Filippo Pellacani

Personal information
- Date of birth: 26 February 1998 (age 28)
- Place of birth: Verona, Italy
- Height: 1.87 m (6 ft 2 in)
- Position: Centre back

Team information
- Current team: Pescara
- Number: 23

Youth career
- Hellas Verona

Senior career*
- Years: Team / Apps / (Gls)
- 2017–2018: Hellas Verona / 0 / (0)
- 2017–2018: → Imolese (loan) / 13 / (0)
- 2018–2019: Villafranca / 32 / (6)
- 2019–2022: Virtus Verona / 87 / (6)
- 2022-: Pescara / 52 / (0)

= Filippo Pellacani =

Italian footballer

Filippo Pellacani (born 26 February 1998) is an Italian professional footballer who plays as a centre back for club Pescara.

==Club career==
Pellacani was formed on Hellas Verona youth system. On 14 July 2017, he was loaned to Imolese.

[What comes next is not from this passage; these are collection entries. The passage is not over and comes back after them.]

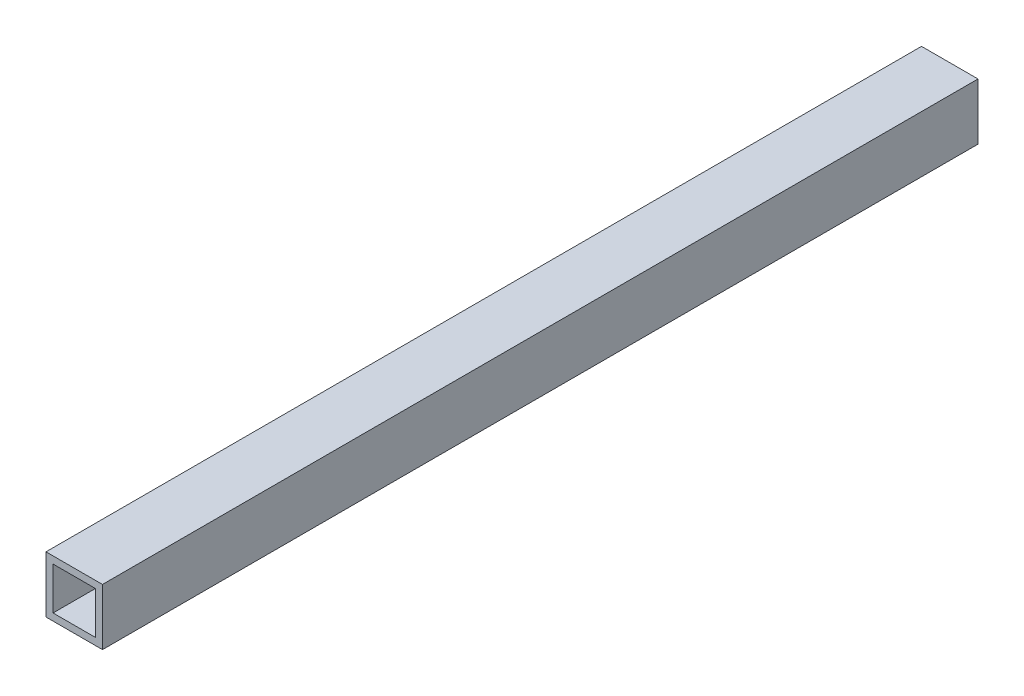
from build123d import *

# Parameters (mm, degrees)
SKETCH1_W           = 25.4
SKETCH1_H           = 25.4
SKETCH1_W_2         = 19.05
SKETCH1_H_2         = 19.05
BOSS_EXTRUDE1_DEPTH = 196.85


with BuildPart() as part:
    # Sketch1 → Boss-Extrude1 (new, symmetric)
    with BuildSketch(Plane.XY):
        Rectangle(SKETCH1_W, SKETCH1_H)
        Rectangle(SKETCH1_W_2, SKETCH1_H_2, mode=Mode.SUBTRACT)
    extrude(amount=BOSS_EXTRUDE1_DEPTH, both=True)


solid = part.part

On 2 May 2018, he joined Serie D club Villafranca. He scored six goals in 32 matches for the club.

In the 2019–20 season, he signed with Serie C club Virtus Verona. He made his professional debut on 25 August 2019 against Calcio Padova.

On 23 July 2022, Pellacani signed with serie Serie C club Pescara.